With cgroups v1, it is possible to listen for events about memory pressure. According to the docs, one needs to
- Create a new
eventfd
- Open
memory.pressure_level
for reading - Open
cgroup.event_control
for writing - Write
{eventfd} {pressure_level_fd} {level}
(wherelevel
islow
,medium
, orcritical
) toevent_control
- Wait until reading from the eventfd returns 8 bytes
When doing so with a program that’s about to run out of memory, you’ll receive a long train of low
events, then a few medium
and critical
, before finally the OOM killer will run.

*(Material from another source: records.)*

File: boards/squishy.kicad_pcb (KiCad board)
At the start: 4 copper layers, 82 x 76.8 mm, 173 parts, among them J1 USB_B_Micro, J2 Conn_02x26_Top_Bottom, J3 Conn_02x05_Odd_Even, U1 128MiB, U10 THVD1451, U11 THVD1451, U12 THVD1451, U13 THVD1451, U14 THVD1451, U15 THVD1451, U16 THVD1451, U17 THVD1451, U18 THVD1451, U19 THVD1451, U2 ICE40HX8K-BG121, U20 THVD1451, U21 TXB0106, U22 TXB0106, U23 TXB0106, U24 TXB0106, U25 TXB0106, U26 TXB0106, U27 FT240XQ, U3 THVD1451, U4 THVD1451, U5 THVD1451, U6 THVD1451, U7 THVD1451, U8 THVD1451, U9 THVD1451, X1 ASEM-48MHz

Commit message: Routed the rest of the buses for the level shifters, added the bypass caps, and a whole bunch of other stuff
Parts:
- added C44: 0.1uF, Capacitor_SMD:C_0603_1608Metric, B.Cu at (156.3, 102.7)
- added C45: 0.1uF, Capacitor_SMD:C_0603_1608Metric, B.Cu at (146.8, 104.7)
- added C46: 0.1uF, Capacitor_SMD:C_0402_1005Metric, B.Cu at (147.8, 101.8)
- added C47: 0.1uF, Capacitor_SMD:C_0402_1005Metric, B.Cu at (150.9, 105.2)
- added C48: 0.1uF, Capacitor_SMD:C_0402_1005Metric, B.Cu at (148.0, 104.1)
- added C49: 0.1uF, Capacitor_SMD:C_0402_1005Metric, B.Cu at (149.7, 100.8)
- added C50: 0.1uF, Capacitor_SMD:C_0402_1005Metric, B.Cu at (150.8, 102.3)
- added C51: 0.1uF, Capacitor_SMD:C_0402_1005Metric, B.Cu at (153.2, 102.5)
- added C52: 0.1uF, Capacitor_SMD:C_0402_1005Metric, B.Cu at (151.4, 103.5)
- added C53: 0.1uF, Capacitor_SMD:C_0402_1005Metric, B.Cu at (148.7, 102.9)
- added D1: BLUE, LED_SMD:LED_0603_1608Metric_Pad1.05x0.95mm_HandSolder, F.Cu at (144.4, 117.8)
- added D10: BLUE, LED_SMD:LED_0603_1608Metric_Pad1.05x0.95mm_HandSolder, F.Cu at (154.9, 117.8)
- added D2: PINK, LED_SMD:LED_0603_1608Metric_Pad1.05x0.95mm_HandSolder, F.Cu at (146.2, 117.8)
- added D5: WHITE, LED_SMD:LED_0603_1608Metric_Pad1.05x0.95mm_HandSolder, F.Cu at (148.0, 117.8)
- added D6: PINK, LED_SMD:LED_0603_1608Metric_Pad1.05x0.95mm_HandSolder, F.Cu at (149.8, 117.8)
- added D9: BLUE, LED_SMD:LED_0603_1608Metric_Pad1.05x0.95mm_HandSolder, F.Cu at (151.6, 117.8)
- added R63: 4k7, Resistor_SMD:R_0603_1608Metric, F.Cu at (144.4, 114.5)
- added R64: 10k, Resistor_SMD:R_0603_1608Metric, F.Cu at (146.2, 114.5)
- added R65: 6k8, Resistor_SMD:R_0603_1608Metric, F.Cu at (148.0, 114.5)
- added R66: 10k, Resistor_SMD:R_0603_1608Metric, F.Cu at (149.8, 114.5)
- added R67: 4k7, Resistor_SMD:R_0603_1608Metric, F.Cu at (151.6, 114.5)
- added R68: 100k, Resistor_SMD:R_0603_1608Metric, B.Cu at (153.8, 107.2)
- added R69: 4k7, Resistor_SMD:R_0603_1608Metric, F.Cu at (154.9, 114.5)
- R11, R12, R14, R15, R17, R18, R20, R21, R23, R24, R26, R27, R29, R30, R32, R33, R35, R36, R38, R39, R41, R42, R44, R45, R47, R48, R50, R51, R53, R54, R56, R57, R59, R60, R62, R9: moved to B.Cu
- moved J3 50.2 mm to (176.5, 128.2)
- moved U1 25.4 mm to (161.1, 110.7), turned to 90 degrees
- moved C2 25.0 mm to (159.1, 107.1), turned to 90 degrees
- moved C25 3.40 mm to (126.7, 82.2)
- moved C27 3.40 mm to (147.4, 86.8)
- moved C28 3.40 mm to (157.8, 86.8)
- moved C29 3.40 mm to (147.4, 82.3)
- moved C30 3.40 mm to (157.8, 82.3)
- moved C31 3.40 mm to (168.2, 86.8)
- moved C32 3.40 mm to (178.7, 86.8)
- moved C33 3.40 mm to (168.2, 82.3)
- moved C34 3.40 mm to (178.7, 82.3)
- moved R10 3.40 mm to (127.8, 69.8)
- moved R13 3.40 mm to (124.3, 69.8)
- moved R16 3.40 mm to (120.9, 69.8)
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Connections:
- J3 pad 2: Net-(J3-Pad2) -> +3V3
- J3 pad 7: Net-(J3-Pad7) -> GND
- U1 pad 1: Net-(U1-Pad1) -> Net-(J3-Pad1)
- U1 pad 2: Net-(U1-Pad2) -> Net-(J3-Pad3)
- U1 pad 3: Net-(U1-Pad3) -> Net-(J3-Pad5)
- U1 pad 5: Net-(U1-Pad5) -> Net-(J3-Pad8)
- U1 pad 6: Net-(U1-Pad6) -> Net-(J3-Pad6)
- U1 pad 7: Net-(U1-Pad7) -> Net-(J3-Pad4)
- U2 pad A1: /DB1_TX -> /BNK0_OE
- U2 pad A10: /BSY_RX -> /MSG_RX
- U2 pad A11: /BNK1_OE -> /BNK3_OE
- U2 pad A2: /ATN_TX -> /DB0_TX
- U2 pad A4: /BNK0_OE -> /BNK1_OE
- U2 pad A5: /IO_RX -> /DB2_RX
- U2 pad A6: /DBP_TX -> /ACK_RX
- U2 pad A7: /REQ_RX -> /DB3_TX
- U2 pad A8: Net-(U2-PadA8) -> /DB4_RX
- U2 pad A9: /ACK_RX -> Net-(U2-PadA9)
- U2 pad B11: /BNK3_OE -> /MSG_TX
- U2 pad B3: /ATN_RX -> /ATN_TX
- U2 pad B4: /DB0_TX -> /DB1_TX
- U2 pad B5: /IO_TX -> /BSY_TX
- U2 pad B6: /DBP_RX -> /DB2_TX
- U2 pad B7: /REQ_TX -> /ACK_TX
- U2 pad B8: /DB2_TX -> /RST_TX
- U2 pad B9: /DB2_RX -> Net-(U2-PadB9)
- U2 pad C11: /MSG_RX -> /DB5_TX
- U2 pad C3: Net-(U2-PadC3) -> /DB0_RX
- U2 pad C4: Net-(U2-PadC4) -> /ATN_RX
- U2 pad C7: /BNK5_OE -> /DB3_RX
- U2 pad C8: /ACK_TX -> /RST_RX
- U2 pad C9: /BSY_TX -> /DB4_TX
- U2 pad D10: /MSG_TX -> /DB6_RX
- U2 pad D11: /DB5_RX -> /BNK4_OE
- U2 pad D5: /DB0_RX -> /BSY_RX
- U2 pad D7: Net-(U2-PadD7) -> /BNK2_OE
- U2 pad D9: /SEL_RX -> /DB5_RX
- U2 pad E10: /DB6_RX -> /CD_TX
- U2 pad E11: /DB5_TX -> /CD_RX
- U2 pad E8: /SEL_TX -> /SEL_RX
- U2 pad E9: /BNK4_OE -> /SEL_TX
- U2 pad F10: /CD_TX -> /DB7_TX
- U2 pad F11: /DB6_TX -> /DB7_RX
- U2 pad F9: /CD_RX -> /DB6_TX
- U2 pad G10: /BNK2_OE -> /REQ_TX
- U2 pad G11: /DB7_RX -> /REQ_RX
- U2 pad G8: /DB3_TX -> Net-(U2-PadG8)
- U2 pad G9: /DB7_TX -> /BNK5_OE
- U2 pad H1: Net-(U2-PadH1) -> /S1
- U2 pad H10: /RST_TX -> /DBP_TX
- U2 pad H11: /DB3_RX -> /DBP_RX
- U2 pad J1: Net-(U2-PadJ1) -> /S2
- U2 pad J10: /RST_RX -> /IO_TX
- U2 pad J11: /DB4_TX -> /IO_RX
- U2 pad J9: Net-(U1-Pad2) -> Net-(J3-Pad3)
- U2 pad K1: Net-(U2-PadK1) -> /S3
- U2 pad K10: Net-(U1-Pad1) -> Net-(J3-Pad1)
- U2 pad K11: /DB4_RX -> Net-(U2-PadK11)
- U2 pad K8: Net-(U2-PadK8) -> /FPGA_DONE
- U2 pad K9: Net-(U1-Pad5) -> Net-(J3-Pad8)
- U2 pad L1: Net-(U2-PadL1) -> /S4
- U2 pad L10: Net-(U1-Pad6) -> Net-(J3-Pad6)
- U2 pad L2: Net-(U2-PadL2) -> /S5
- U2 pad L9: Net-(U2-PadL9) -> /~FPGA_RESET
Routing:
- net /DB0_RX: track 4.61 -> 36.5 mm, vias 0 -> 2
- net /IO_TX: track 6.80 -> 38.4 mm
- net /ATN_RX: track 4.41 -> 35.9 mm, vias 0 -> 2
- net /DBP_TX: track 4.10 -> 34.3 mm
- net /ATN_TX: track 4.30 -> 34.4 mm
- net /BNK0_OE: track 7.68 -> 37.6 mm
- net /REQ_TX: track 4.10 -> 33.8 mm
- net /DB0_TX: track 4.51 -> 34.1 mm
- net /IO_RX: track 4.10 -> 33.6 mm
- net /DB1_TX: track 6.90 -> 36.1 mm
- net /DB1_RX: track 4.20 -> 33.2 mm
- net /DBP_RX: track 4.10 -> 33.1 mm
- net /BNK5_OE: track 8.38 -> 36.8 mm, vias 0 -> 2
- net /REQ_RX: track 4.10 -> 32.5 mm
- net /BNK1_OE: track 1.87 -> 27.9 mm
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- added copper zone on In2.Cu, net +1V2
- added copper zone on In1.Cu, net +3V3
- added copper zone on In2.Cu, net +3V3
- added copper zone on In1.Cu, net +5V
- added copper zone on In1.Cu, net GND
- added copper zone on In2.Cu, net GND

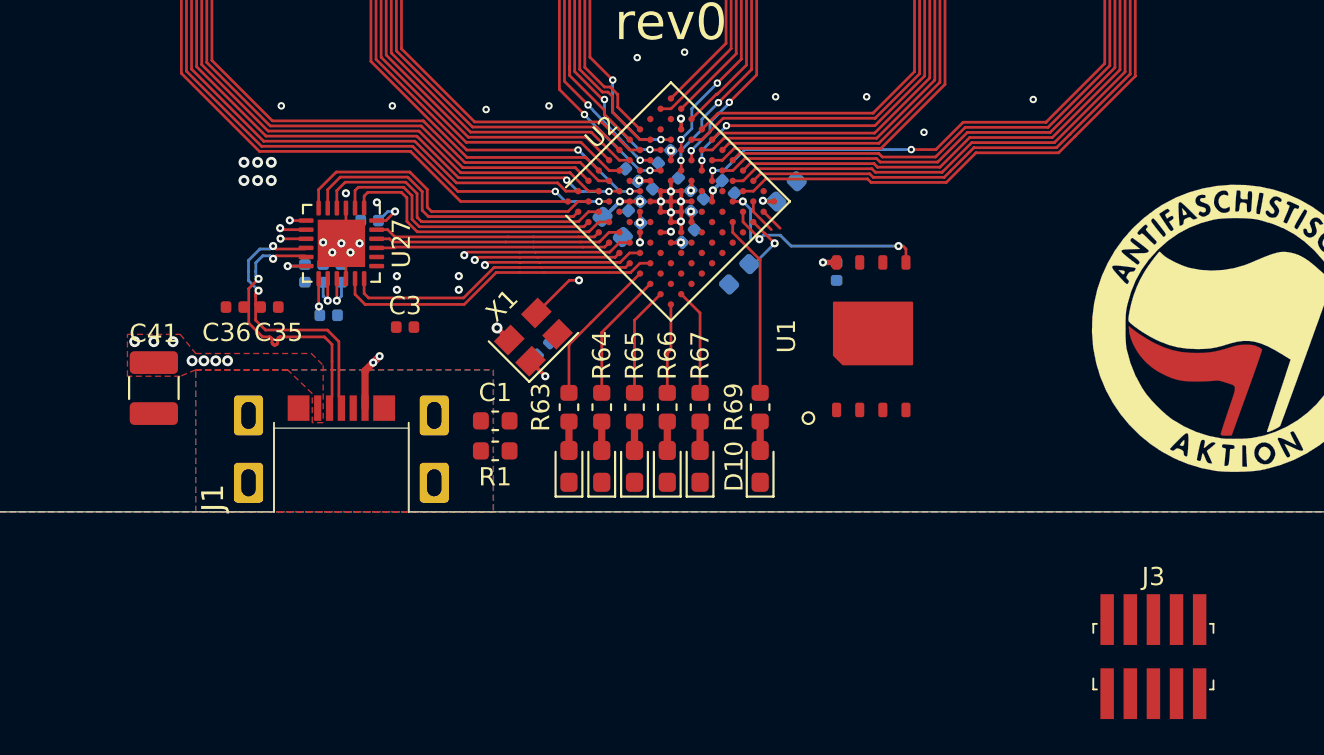
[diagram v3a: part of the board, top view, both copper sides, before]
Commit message: Completed the routing and power, the last two things to do are sort the SCSI TERMPOWER and DIFFSENSE, and then the FPGA reset.
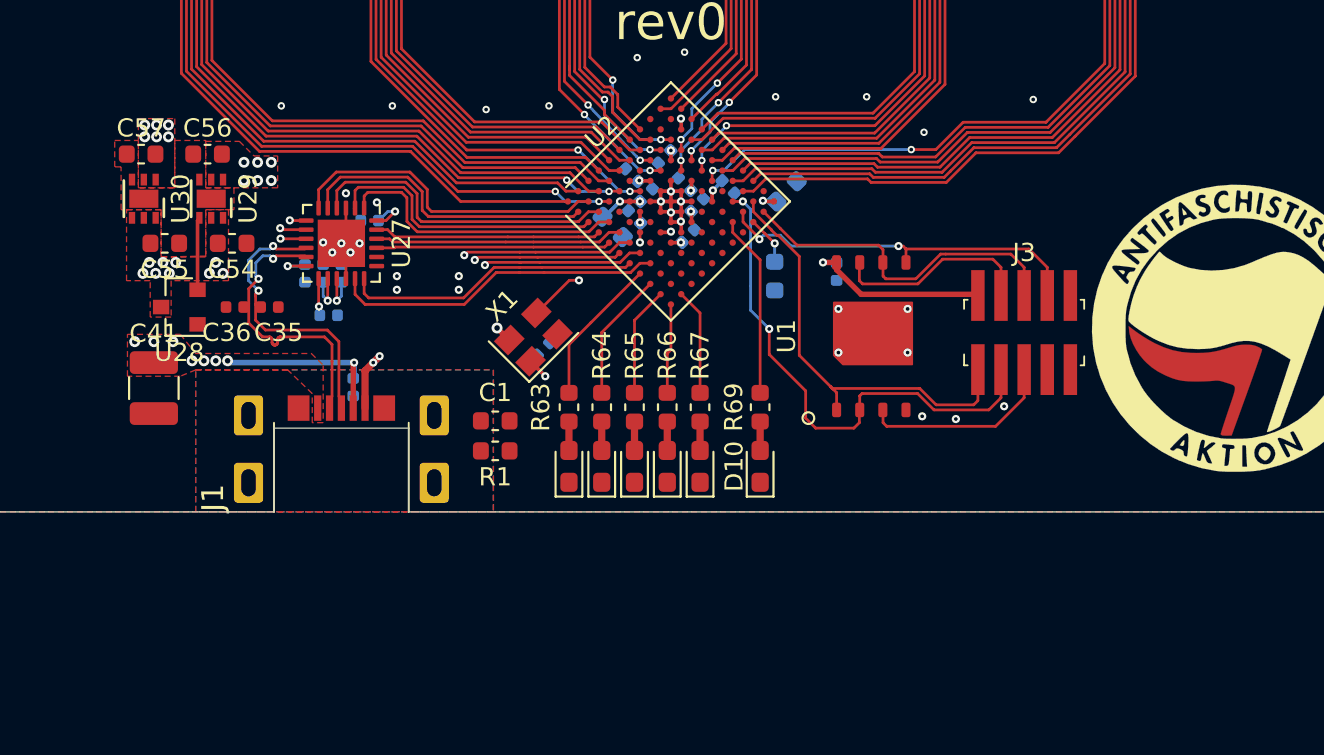
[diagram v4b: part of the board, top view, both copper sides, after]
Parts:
- added C54: 4.7uF, Capacitor_SMD:C_0603_1608Metric, F.Cu at (125.9, 105.5)
- added C55: 4.7uF, Capacitor_SMD:C_0603_1608Metric, F.Cu at (122.2, 105.5)
- added C56: 4.7uF, Capacitor_SMD:C_0603_1608Metric, F.Cu at (124.5, 100.7)
- added C57: 4.7uF, Capacitor_SMD:C_0603_1608Metric, F.Cu at (120.9, 100.7)
- added U28: MAX809JTRG, Package_TO_SOT_SMD:SOT-23, F.Cu at (123.0, 109.0)
- added U29: TLV755533PDRVR, Package_DFN_QFN:DFN-6-1EP_2x2mm_P0.65mm_EP1x1.6mm, F.Cu at (124.8, 103.1)
- added U30: TLV73312PQDRVRQ1, Package_DFN_QFN:DFN-6-1EP_2x2mm_P0.65mm_EP1x1.6mm, F.Cu at (121.0, 103.1)
- C3: moved to B.Cu
- C44, C45: value 0.1uF -> 4.7uF
- moved J3 19.2 mm to (169.4, 110.5)
- moved C3 4.36 mm to (132.6, 113.5), turned to 270 degrees
- moved R68 1.95 mm to (155.7, 107.3), turned to 90 degrees
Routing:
- net Net-(J3-Pad3): track 2.81 -> 28.6 mm, vias 1 -> 2
- net Net-(J3-Pad1): track 1.96 -> 23.7 mm
- net Net-(J3-Pad6): track 1.29 -> 19.0 mm
- net Net-(J3-Pad4): track 0.00 -> 11.1 mm
- net Net-(J3-Pad5): track 0.00 -> 10.7 mm
- net +5V: track 59.1 -> 69.4 mm, vias 49 -> 59
- net Net-(J3-Pad8): track 11.1 -> 20.8 mm
- net +3V3: track 30.1 -> 38.7 mm
- net Net-(U28-Pad2): track 0.00 -> 3.94 mm
- net /~FPGA_RESET: track 3.53 -> 2.78 mm
- net GND: vias 260 -> 267
- net +1V2: vias 5 -> 11
- added copper zone on F.Cu, net +1V2
- added copper zone on F.Cu, net +3V3
- removed copper zone on In2.Cu, net +3V3

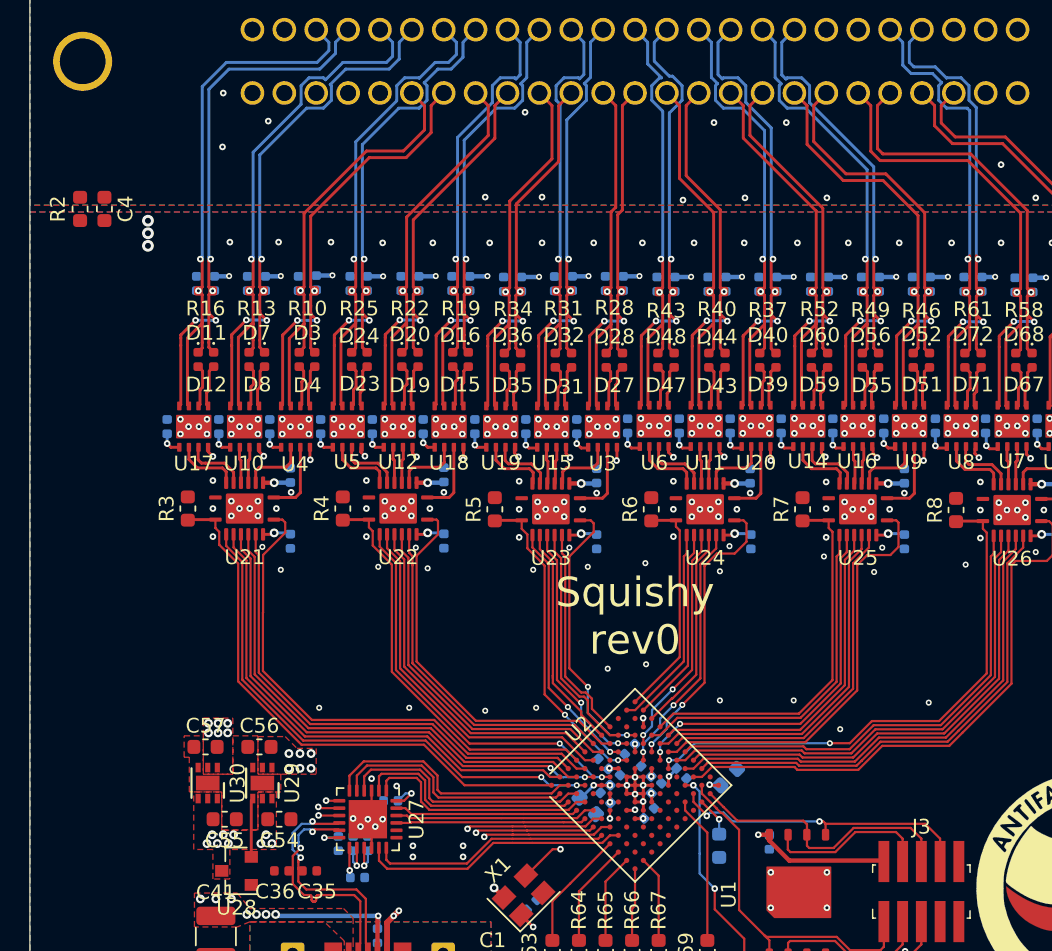
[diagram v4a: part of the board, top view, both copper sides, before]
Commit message: Added the needed bits for TERMPOWER and for the DIFFSENS line
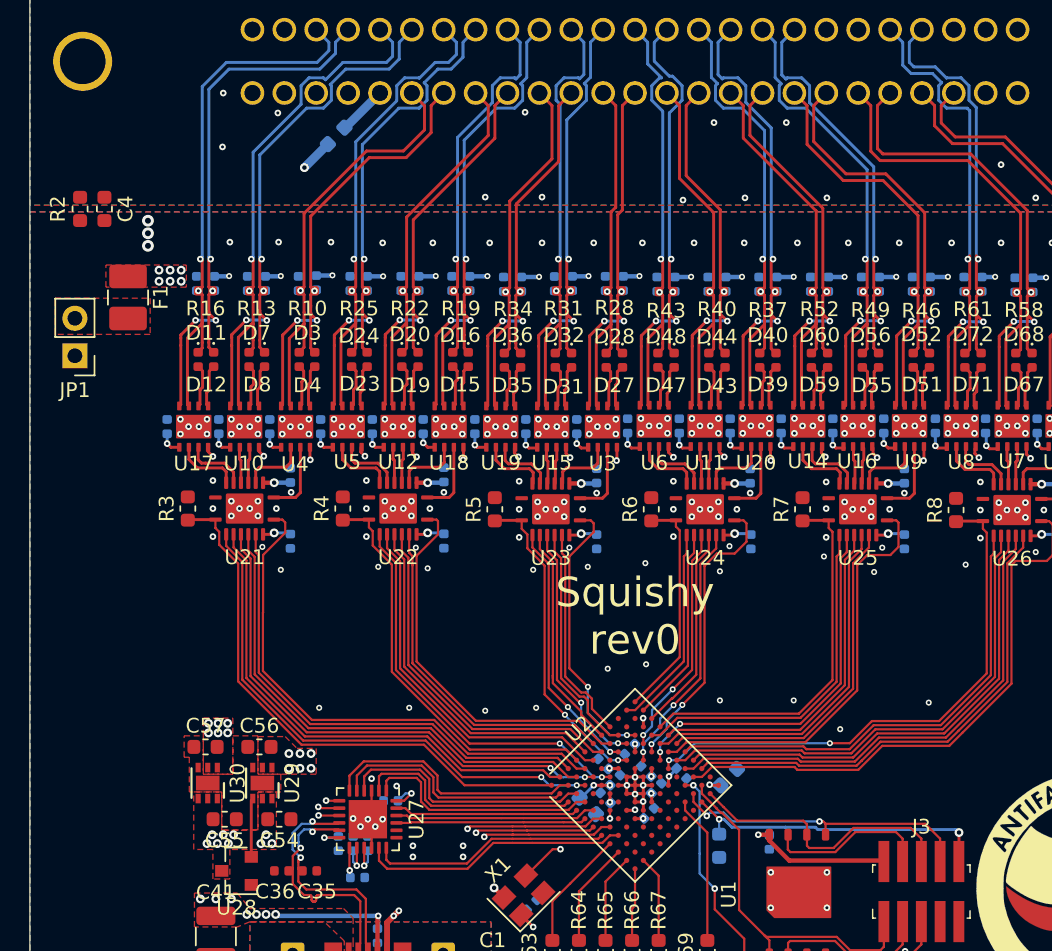
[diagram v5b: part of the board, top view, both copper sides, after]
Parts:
- added F1: Polyfuse_Small, Fuse:Fuse_1210_3225Metric_Castellated, F.Cu at (115.7, 70.2)
- added JP1: TERMPWR, Connector_PinHeader_2.54mm:PinHeader_1x02_P2.54mm_Vertical, F.Cu at (112.0, 74.2)
- added R70: 10k, Resistor_SMD:R_0603_1608Metric, B.Cu at (129.8, 59.2)
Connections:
- J3 pad 10: Net-(J3-Pad10) -> /~FPGA_RESET
- R12 pad 2: +5V -> /TERMPWR
- R15 pad 2: +5V -> /TERMPWR
- R18 pad 2: +5V -> /TERMPWR
- R21 pad 2: +5V -> /TERMPWR
- R24 pad 2: +5V -> /TERMPWR
- R27 pad 2: +5V -> /TERMPWR
- R30 pad 2: +5V -> /TERMPWR
- R33 pad 2: +5V -> /TERMPWR
- R36 pad 2: +5V -> /TERMPWR
- R39 pad 2: +5V -> /TERMPWR
- R42 pad 2: +5V -> /TERMPWR
- R45 pad 2: +5V -> /TERMPWR
- R48 pad 2: +5V -> /TERMPWR
- R51 pad 2: +5V -> /TERMPWR
- R54 pad 2: +5V -> /TERMPWR
- R57 pad 2: +5V -> /TERMPWR
- R60 pad 2: +5V -> /TERMPWR
- R9 pad 2: +5V -> /TERMPWR
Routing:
- net /TERMPWR: track 0.00 -> 21.9 mm, vias 0 -> 25
- net +5V: track 69.4 -> 49.8 mm, vias 59 -> 41
- net /~FPGA_RESET: track 2.78 -> 21.3 mm, vias 1 -> 2
- net /DIFF_SENSE: track 0.00 -> 3.40 mm
- added copper zone on F.Cu, net /TERMPWR
- added copper zone on In2.Cu, net /TERMPWR
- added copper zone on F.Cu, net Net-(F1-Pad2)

If you want to convince yourself of this, I’ve prepared a little Rust example, you can execute it with cargo build --release --examples && sudo target/release/examples/cv1
.
For cgroups v2 (docs), similar events can be received by
- Setting up an inotify watch on
memory.events.local
- Reading and parsing the file fully, comparing numbers after each event received
This works (even without root, unlike v1), when setting a memory limit in the cgroup, and you’ll usually receive at least a few inotify events with increases either in high
or max
. (Again, if you want to convince yourself of this, run systemd-run --same-dir --pty --user -p MemoryMax=1G cargo run --example cv2
on the above gist.)
However, when there’s no memory limit set, or the limit is higher than the available memory, the process will be killed without events received. Looking at memory.pressure
shows a strong increase, so the kernel definitely knows that something is up before it invokes the OOM killer. Is there a way to get it to tell us, with a nice behavior like cgroups v1 that gives lots of warnings up ahead?
Note: I’m aware of some related questions (1, 2), but:
- They’re old and questions/answers only consider cgroups v1
- I’d like to be triggered before the oom killer becomes active, so that hack with “spawning a high oom_score_adj canary process” is out.